When tumor recurrence was evaluated, we failed to demonstrate any significant difference in disease-free survival or the pattern of recurrence between the PVE and control groups. Further on multivariate analysis, only venous infiltration, tumour stage, and tumor size were shown to be associated with recurrence. To date there are at least three published series focusing on long-term recurrence of HCC after PVE. Tanaka et al. [6] evaluated 30 patients with and without PVE before surgery and showed a better overall survival in patients who had undergone PVE. However, the overall recurrence rate was not statistically different between the two groups. Palavecino et al. [25] reported disease-free survival of 84, 56, and 56% after PVE at 1, 3, and 5 years, respectively, compared to 66, 49, and 49% without PVE. Azoulay et al. [26] reported disease-free survival of 86, 64, and 21% with PVE versus 55, 17, and 17% without PVE at 1, 3, and 5 years, respectively.

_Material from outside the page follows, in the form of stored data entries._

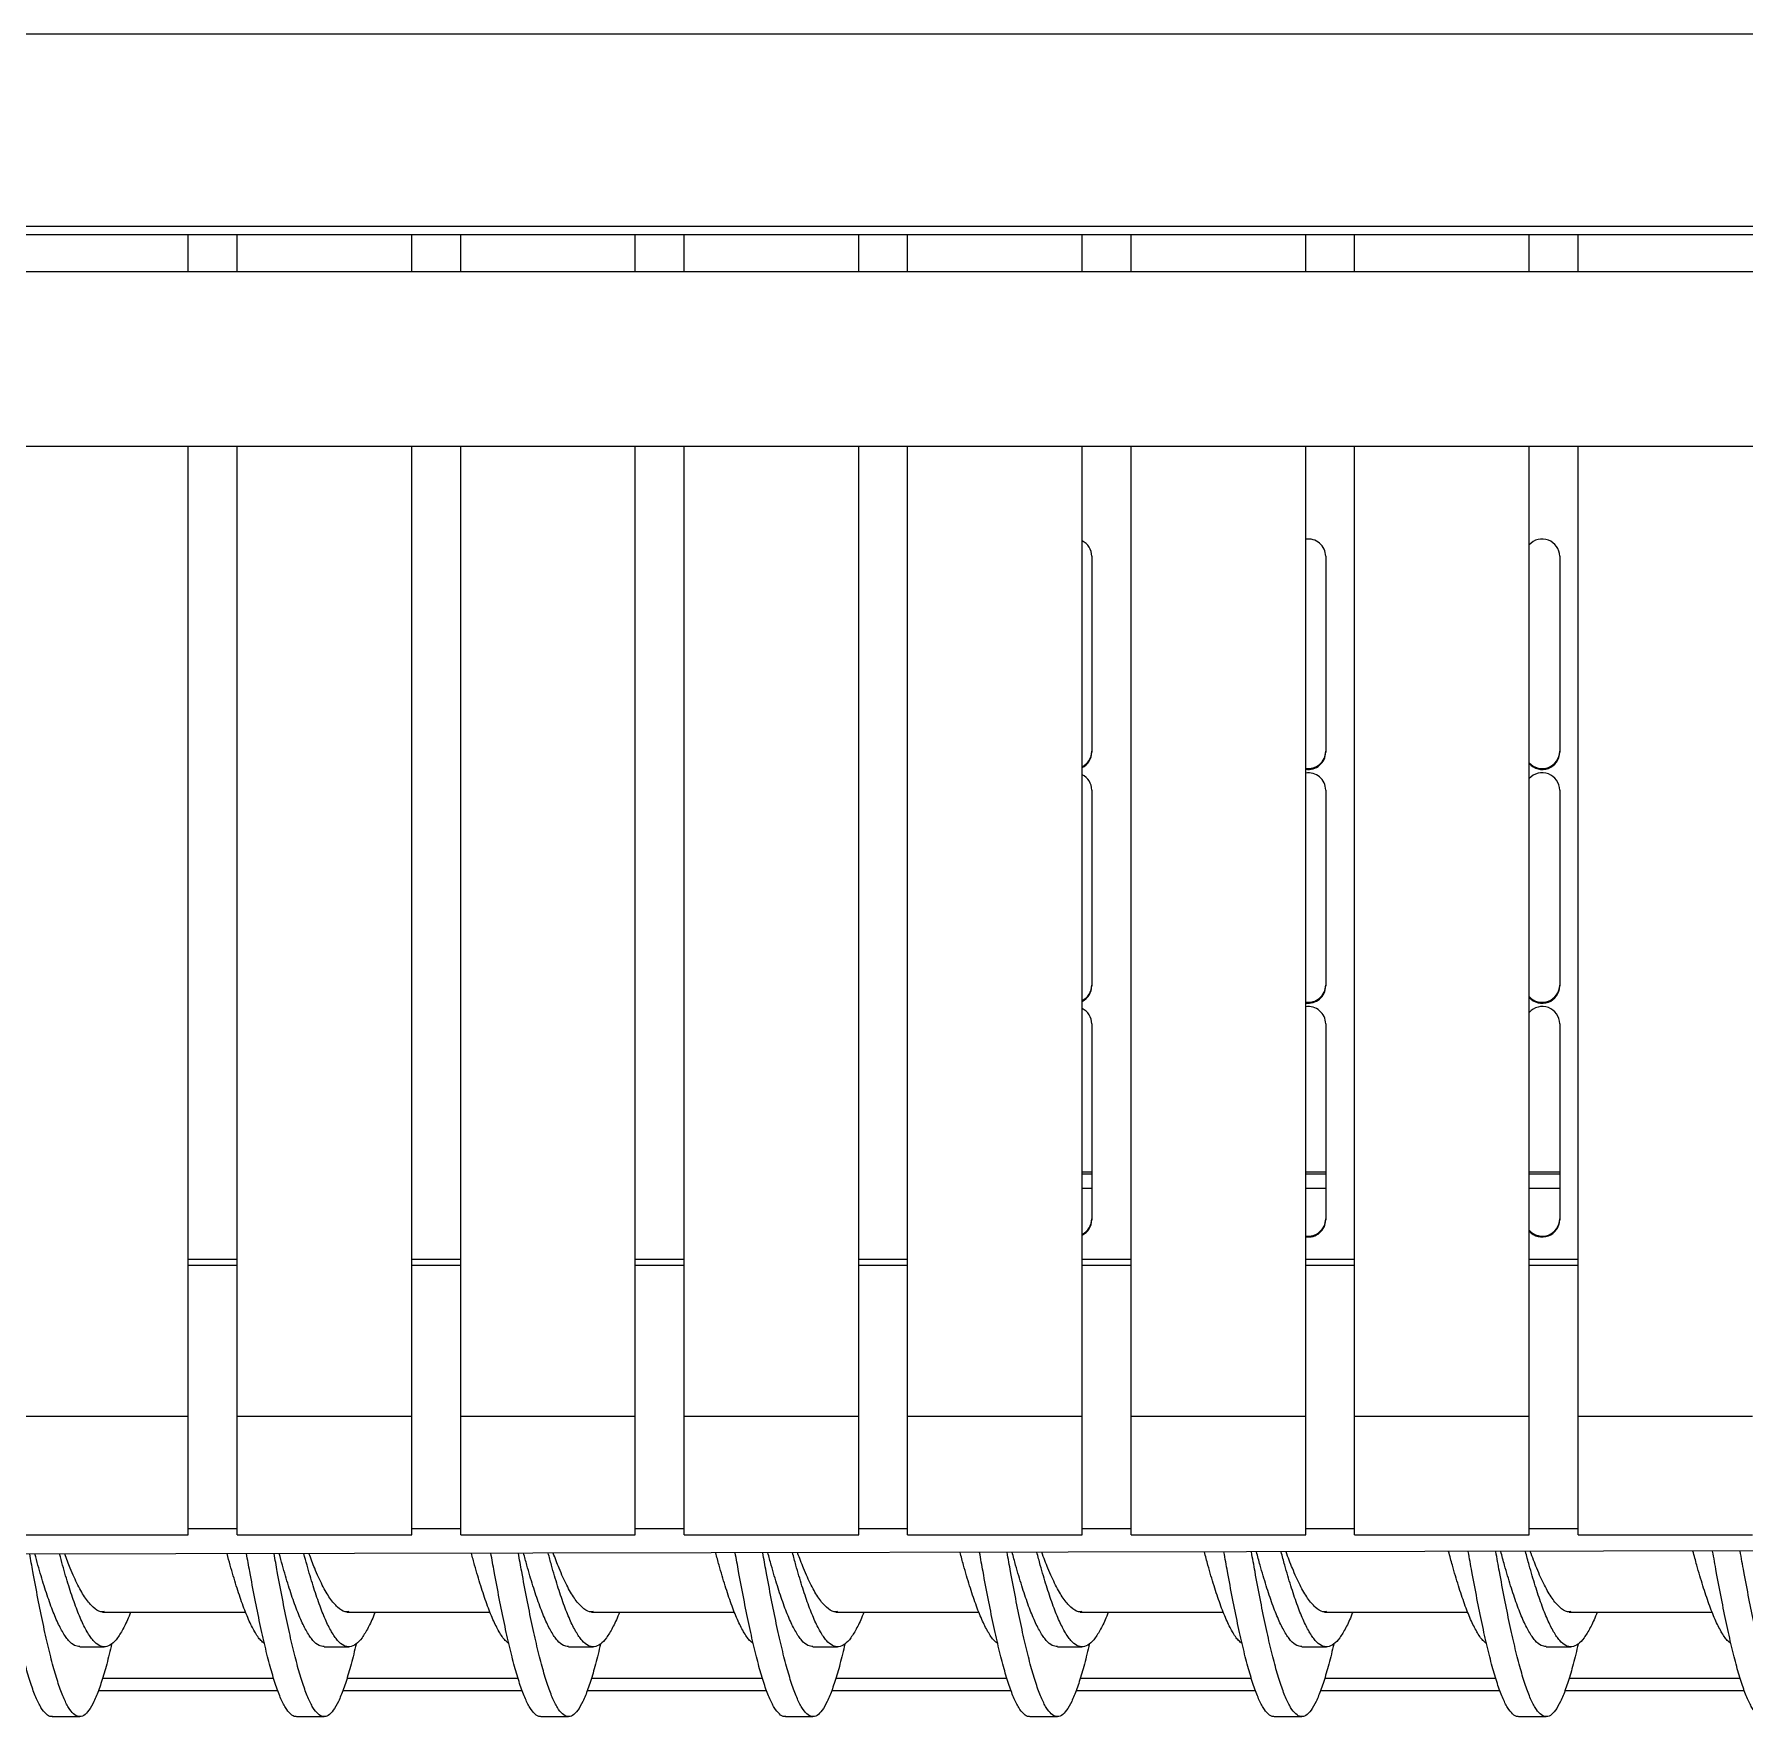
# Model space of a CAD drawing. Header units: millimetres. Extents: x 1761 to 11571, y -2876 to 3504.
# Drawn here: x 2642.49 to 2686.58, y -282.72 to -239.35 of the extents above; entities that cross this region are included whole.
import ezdxf

# ---------------------------------------------------------------- set-up
doc = ezdxf.new("R2010")
doc.units = ezdxf.units.MM
doc.layers.add('new', color=7, linetype='Continuous')

# ---------------------------------------------------------------- blocks, each defined once
blk = doc.blocks.new('SBJ')
at = {"color": 9, "linetype": 'Continuous', "lineweight": 15}
for p, q in [((176221.62, 75832.53), (172780.32, 75832.53)), ((172780.32, 75777.53), (176221.62, 75777.53)), ((176221.47, 75775.03), (172780.47, 75775.03)), ((175205.26, 75764.48), (175205.26, 75775.03)), ((175219.26, 75764.48), (175219.26, 75775.03)), ((175269.26, 75764.48), (175269.26, 75775.03)), ((175283.26, 75764.48), (175283.26, 75775.03)), ((175333.26, 75764.48), (175333.26, 75775.03)), ((175347.26, 75764.48), (175347.26, 75775.03)), ((175397.26, 75764.48), (175397.26, 75775.03)), ((175411.26, 75764.48), (175411.26, 75775.03)), ((175461.26, 75764.48), (175461.26, 75775.03)), ((175475.26, 75764.48), (175475.26, 75775.03)), ((175525.26, 75764.48), (175525.26, 75775.03)), ((175539.26, 75764.48), (175539.26, 75775.03)), ((175589.26, 75764.48), (175589.26, 75775.03)), ((175603.26, 75764.48), (175603.26, 75775.03)), ((175944.97, 75764.48), (173056.97, 75764.48)), ((172860.57, 75714.48), (176147.57, 75714.48)), ((175205.26, 75436.55), (175205.26, 75714.48)), ((175219.26, 75436.55), (175219.26, 75714.48)), ((175269.26, 75436.55), (175269.26, 75714.48)), ((175283.26, 75436.55), (175283.26, 75714.48)), ((175333.26, 75436.55), (175333.26, 75714.48)), ((175347.26, 75436.55), (175347.26, 75714.48)), ((175397.26, 75436.55), (175397.26, 75714.48)), ((175411.26, 75436.55), (175411.26, 75714.48)), ((175461.26, 75436.55), (175461.26, 75714.48)), ((175475.26, 75436.55), (175475.26, 75714.48)), ((175525.26, 75436.55), (175525.26, 75714.48)), ((175539.26, 75436.55), (175539.26, 75714.48)), ((175589.26, 75436.55), (175589.26, 75714.48)), ((175603.26, 75436.55), (175603.26, 75714.48)), ((175464.01, 75682.99), (175464.01, 75626.86)), ((175531.01, 75682.99), (175531.01, 75626.86)), ((175598.01, 75682.99), (175598.01, 75626.86)), ((175464.01, 75616.02), (175464.01, 75559.89)), ((175531.01, 75616.02), (175531.01, 75559.89)), ((175598.01, 75616.02), (175598.01, 75559.89)), ((175464.01, 75549.06), (175464.01, 75492.92)), ((175531.01, 75549.06), (175531.01, 75492.92)), ((175598.01, 75549.06), (175598.01, 75492.92)), ((175464.01, 75506.53), (175461.26, 75506.53)), ((175531.01, 75506.53), (175525.26, 75506.53)), ((175598.01, 75506.53), (175589.26, 75506.53)), ((175464.01, 75506.03), (175461.26, 75506.03)), ((175464.01, 75501.92), (175461.26, 75501.92)), ((175531.01, 75506.03), (175525.26, 75506.03)), ((175531.01, 75501.92), (175525.26, 75501.92)), ((175598.01, 75506.03), (175589.26, 75506.03)), ((175598.01, 75501.92), (175589.26, 75501.92)), ((175219.26, 75481.5), (175205.26, 75481.5)), ((175205.26, 75479.93), (175219.26, 75479.93)), ((175283.26, 75481.5), (175269.26, 75481.5)), ((175269.26, 75479.93), (175283.26, 75479.93)), ((175347.26, 75481.5), (175333.26, 75481.5)), ((175333.26, 75479.93), (175347.26, 75479.93)), ((175411.26, 75481.5), (175397.26, 75481.5)), ((175397.26, 75479.93), (175411.26, 75479.93)), ((175475.26, 75481.5), (175461.26, 75481.5)), ((175461.26, 75479.93), (175475.26, 75479.93)), ((175539.26, 75481.5), (175525.26, 75481.5)), ((175525.26, 75479.93), (175539.26, 75479.93)), ((175603.26, 75481.5), (175589.26, 75481.5)), ((175589.26, 75479.93), (175603.26, 75479.93)), ((175205.26, 75436.55), (175155.26, 75436.55)), ((175205.26, 75402.66), (175205.26, 75436.55)), ((175269.26, 75436.55), (175219.26, 75436.55)), ((175219.26, 75402.66), (175219.26, 75436.55)), ((175269.26, 75402.66), (175269.26, 75436.55)), ((175333.26, 75436.55), (175283.26, 75436.55)), ((175283.26, 75402.66), (175283.26, 75436.55)), ((175333.26, 75402.66), (175333.26, 75436.55)), ((175397.26, 75436.55), (175347.26, 75436.55)), ((175347.26, 75402.66), (175347.26, 75436.55)), ((175397.26, 75402.66), (175397.26, 75436.55)), ((175461.26, 75436.55), (175411.26, 75436.55)), ((175411.26, 75402.66), (175411.26, 75436.55)), ((175461.26, 75402.66), (175461.26, 75436.55)), ((175525.26, 75436.55), (175475.26, 75436.55)), ((175475.26, 75402.66), (175475.26, 75436.55)), ((175525.26, 75402.66), (175525.26, 75436.55)), ((175589.26, 75436.55), (175539.26, 75436.55)), ((175539.26, 75402.66), (175539.26, 75436.55)), ((175589.26, 75402.66), (175589.26, 75436.55)), ((175653.26, 75436.55), (175603.26, 75436.55)), ((175603.26, 75402.66), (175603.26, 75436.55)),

The effect of hepatic regeneration on micrometastasis has been studied extensively. De Jong et al. [4] and Mizutani et al. [27] have shown enhanced proliferation of malignant cells in remnant livers after hepatic resection. Some consider that the same growth factors are accountable for hepatic regeneration following PVE, but others contradict this possibility and suggest that a different mechanism may be involved [28, 29]. Vascular permeation is a well-recognized tumor characteristic predicting recurrence. Based on this finding, potential benefits of portal vein obliteration ahead of surgery have been discussed by some authors [30, 31]. Transforming growth factor beta is a polypeptide that suppresses hepatocyte growth and tumor proliferation [32]. Its increased expression has been shown following PVE [33].

It is likely that multiple factors affecting tumor proliferation negatively or positively are brought on by PVE. However, all clinical data indicate that the overall effect of PVE on future recurrence is clinically insignificant. The apparently marginally better recurrence-free survival noticed in clinical studies could possibly be due to the selection of patients during PVE.

In summary, the combination of PVE and surgery was effective in 60% of the patients with initially unresectable HCC. Two thirds of the cirrhotic patients were able to achieve a substantial increase in FRLV. After resection, the patients had rates of morbidity and recurrence-free survival comparable to those of patients who had undergone surgery without PVE. Thus, under the goal of increasing resectability, cirrhosis should not be a limiting factor against PVE for patients with stable liver function.